Unfortunately, U.S. support for Ukraine remains essential, and it remains in the hands of an ego-driven, volatile, ignorant man easily wooed with fabulism and flattery. On a visit to the White House last Friday, Hungary’s Trump-friendly semi-autocrat Viktor Orbán got an exemption from the oil sanctions (albeit with a promise to expand his purchases of American natural gas to diversify Hungary’s energy sources) by repeating to Trump his favorite story: that the war in Ukraine would not be happening right now if Trump had been president in 2022. Orbán, who also reiterated his “Ukraine can’t win” leitmotif, made it almost refreshingly clear what his “peace through Trump” scenario was: After the invasion, Ukraine would not have received significant aid from the United States or Europe, and the war would not have been prolonged. In other words: Ukraine would have folded, and Putin would have won.
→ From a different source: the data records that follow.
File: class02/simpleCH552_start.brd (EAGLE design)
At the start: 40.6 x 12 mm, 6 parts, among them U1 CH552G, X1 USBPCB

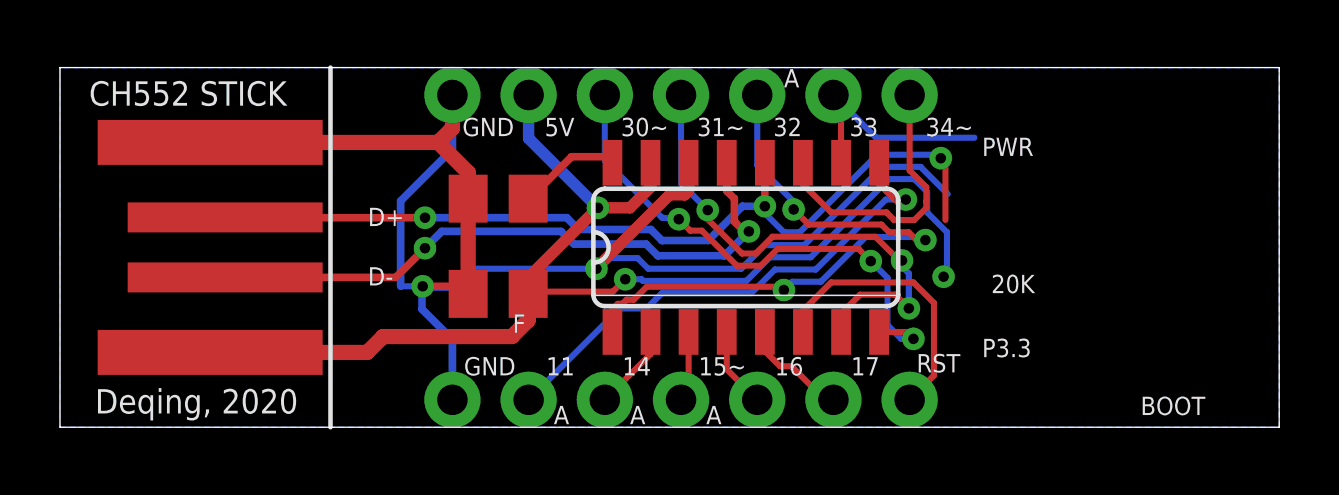
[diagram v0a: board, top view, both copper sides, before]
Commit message: update to USB shell model
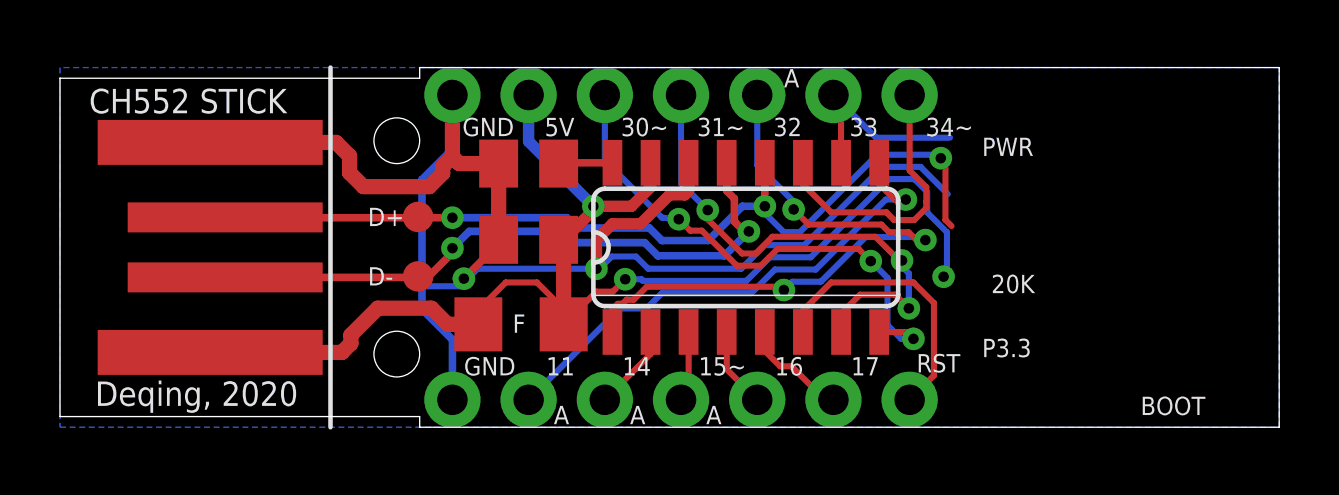
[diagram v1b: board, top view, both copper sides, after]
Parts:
- added F1: (no value), adafruit:R1206
- added TP1, TP2: TEST-POINT3X4, SparkFun-Connectors:PAD.03X.04
- moved C1 2.07 mm to (15.6, 6.25)
- moved C2 1.55 mm to (15.6, 8.79)
- renumbered U1 to U2
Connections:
- net +5V: now also F1.1, F1.2
- net USB_D+: now also TP2.P$1
- net USB_D-: now also TP1.P$1
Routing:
- net +5V: track 41.6 -> 43.8 mm
- net 3.3V: track 3.46 -> 1.80 mm
- net USB_D+: track 29.8 -> 31.3 mm
- net P3.3: track 7.65 -> 6.84 mm
- net GND: track 53.5 -> 54.1 mm
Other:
- outline, holes or cut-outs redrawn
- board text added: "Deqing Sun, 2020 Try Ch55xduino with this board"
- board text added: "Deqing Sun, 2022 Prototyping Electronic Devices"
- board text removed: "Deqing Sun, 2020 Prototyping Electronic Devices"

Trump, of course, lapped it up.
It remains to be seen whether the conversation with Orbán will influence Trump’s Ukraine policy beyond Hungary’s exemption (the scope of which is still unclear) from the oil sanctions. But, for Ukraine’s and the free world’s sake, we should all hope that Volodymyr Zelensky’s own Trump-ego-stroking skills remain sharp—and that Trump is impressed by Ukraine’s skill at taking out Russia’s oil depots and drone warehouses. As the war inches toward its four-year mark in February, we are still waiting to see whether the Trump administration will act as Ukraine’s ally or resume trying to force it into a bad peace.



Thank you for this update Cathy and for all your continuing coverage of this terrible war. What a stark contrast between the courage of the Ukrainians in defying the Russians and the cowardice that so many Americans have shown in the face of Trump's attempted destruction of our Constitution, rule of law and simple human decency.
Europe is the only hope. Donald Trump at the first sign he sees an opportunity will say he ended the war and whatever “peace” agreement Trump & Rubio extort Ukraine into will leave the Ukrainian territory as safe as the East wing of the White House.